Given records –
[Start of Attachment]

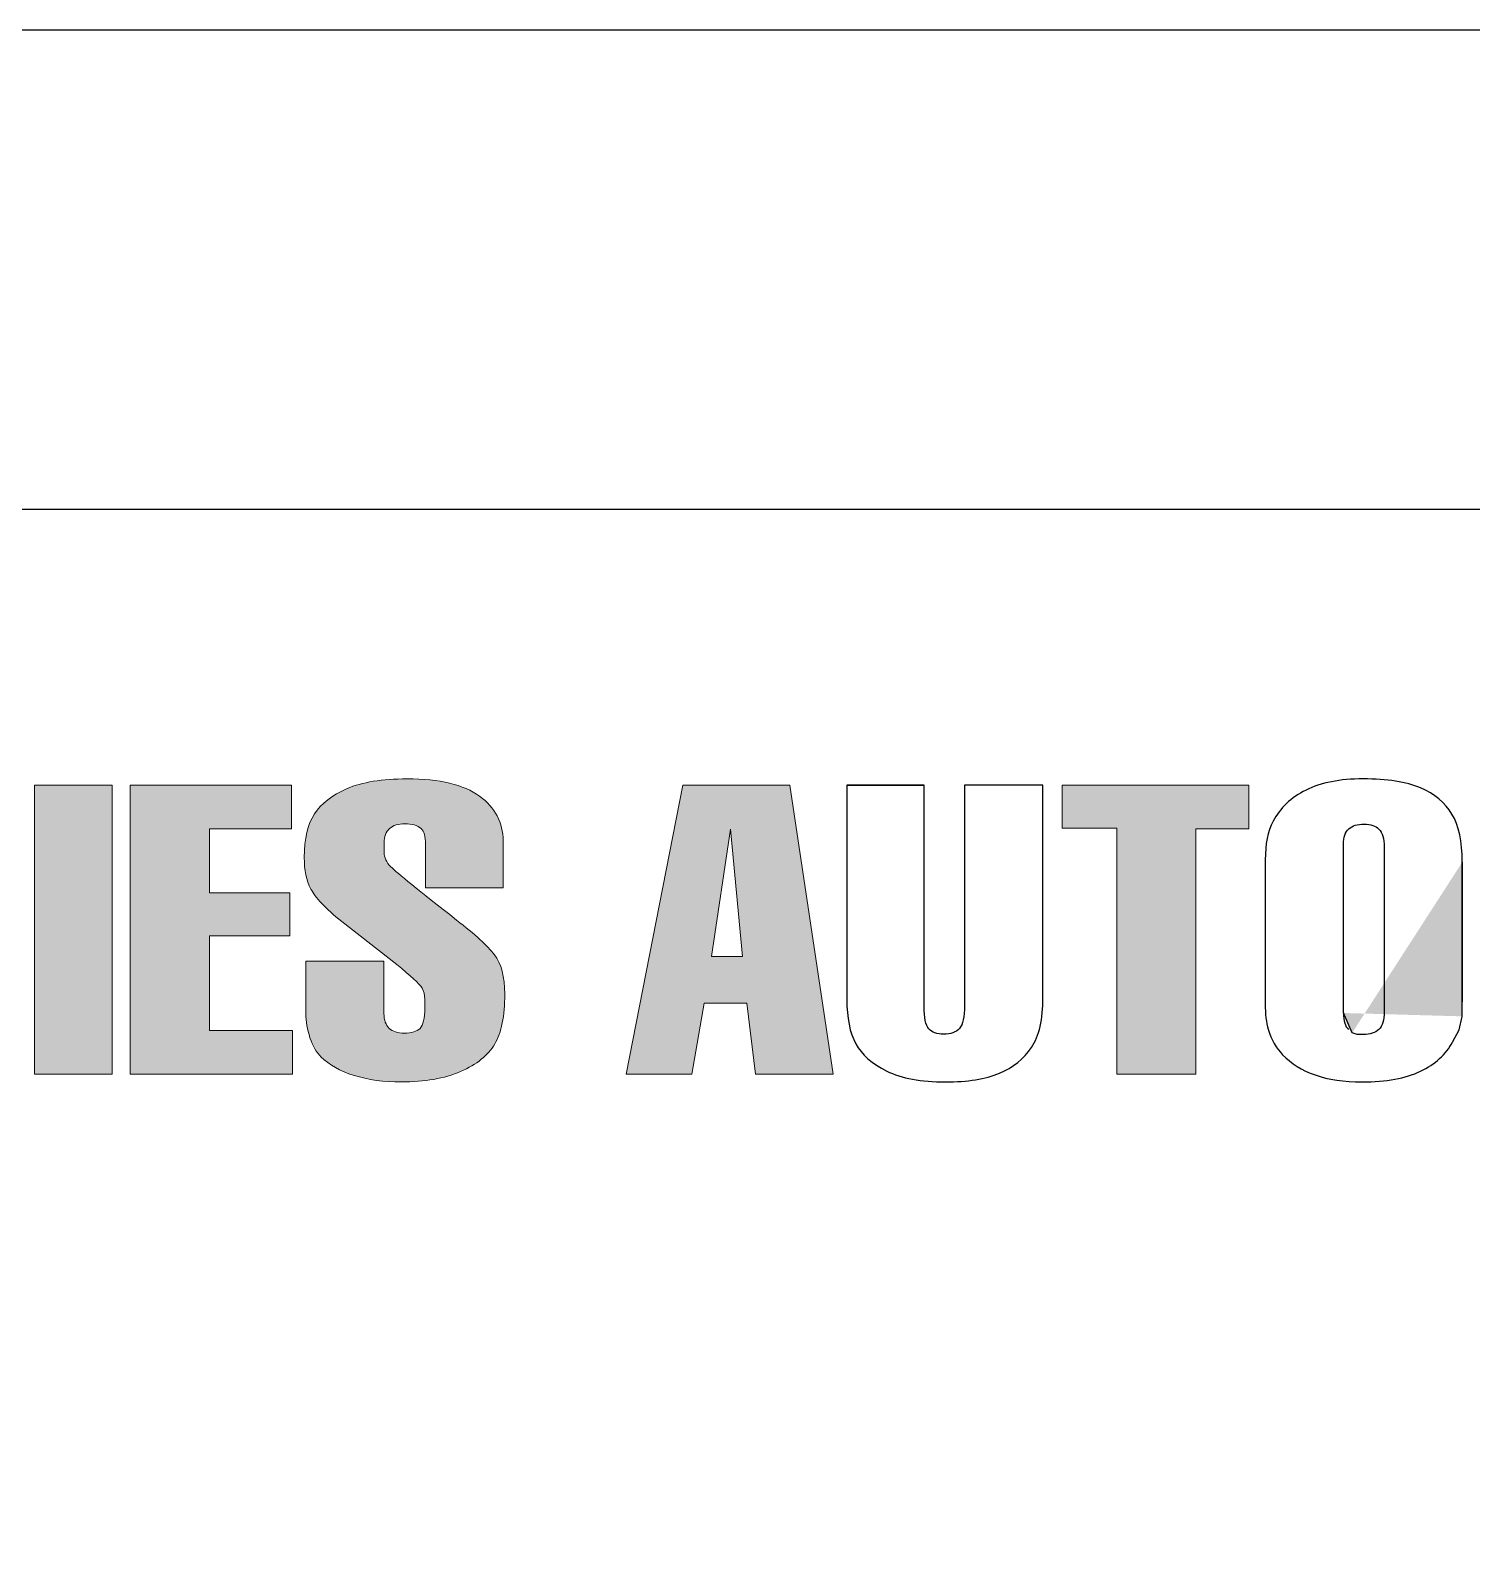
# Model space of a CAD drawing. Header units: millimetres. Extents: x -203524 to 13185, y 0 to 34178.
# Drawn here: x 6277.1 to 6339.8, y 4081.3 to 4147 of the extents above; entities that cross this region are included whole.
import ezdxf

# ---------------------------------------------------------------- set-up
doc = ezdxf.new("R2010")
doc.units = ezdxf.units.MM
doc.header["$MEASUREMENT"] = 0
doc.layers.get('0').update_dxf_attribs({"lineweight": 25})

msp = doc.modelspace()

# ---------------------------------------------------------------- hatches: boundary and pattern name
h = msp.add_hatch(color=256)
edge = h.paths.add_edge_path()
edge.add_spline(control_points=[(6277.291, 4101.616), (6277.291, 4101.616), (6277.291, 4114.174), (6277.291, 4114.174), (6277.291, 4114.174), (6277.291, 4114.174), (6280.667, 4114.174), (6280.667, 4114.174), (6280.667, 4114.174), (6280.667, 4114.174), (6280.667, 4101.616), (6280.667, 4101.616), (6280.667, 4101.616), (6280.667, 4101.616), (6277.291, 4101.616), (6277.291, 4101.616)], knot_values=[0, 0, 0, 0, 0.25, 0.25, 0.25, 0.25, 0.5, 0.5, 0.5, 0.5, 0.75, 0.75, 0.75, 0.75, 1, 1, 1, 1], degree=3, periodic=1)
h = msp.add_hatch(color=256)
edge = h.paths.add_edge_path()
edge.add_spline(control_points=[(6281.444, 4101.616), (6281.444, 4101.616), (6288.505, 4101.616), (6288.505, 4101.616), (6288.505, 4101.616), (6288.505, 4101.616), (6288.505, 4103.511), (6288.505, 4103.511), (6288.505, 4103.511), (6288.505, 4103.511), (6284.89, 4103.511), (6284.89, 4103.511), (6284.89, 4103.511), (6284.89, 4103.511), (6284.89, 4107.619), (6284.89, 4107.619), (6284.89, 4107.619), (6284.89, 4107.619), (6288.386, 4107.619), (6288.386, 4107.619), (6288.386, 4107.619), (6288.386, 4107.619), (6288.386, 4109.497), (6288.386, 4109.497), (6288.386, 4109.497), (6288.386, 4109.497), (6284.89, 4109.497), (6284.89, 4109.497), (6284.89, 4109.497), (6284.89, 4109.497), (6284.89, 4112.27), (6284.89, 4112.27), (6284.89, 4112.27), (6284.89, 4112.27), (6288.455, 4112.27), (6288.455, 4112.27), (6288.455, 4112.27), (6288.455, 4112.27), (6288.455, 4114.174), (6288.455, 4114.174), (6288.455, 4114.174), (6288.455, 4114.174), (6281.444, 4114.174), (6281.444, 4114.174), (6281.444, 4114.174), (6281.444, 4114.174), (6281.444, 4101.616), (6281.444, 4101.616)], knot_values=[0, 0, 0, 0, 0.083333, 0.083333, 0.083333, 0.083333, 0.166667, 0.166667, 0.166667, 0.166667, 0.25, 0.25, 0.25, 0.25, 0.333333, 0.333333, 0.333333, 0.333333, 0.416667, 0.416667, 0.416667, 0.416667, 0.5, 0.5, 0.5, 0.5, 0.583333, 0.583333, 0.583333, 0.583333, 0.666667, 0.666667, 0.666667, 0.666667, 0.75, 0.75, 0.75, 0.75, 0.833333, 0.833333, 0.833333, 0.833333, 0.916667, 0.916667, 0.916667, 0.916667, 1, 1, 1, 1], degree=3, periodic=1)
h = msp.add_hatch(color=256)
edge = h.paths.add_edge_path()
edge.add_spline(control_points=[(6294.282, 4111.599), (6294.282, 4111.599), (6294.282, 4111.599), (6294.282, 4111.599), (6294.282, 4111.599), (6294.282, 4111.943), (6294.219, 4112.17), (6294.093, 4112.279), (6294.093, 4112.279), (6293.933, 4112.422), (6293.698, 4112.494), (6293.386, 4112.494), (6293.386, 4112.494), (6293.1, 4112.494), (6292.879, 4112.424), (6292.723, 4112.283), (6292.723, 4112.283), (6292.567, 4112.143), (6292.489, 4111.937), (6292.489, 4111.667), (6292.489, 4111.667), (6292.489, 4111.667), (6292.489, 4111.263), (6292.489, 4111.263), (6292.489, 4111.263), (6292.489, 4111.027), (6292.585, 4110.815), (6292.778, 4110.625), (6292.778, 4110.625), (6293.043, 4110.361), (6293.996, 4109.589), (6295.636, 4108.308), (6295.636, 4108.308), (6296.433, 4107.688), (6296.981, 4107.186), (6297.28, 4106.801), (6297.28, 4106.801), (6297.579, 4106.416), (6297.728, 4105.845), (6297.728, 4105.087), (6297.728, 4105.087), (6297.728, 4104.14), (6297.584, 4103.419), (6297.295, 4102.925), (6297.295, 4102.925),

[End of Attachment]

Scan the data above and copy every line with "units" in it.

Final answer –
# Model space of a CAD drawing. Header units: millimetres. Extents: x -203524 to 13185, y 0 to 34178.
doc.units = ezdxf.units.MM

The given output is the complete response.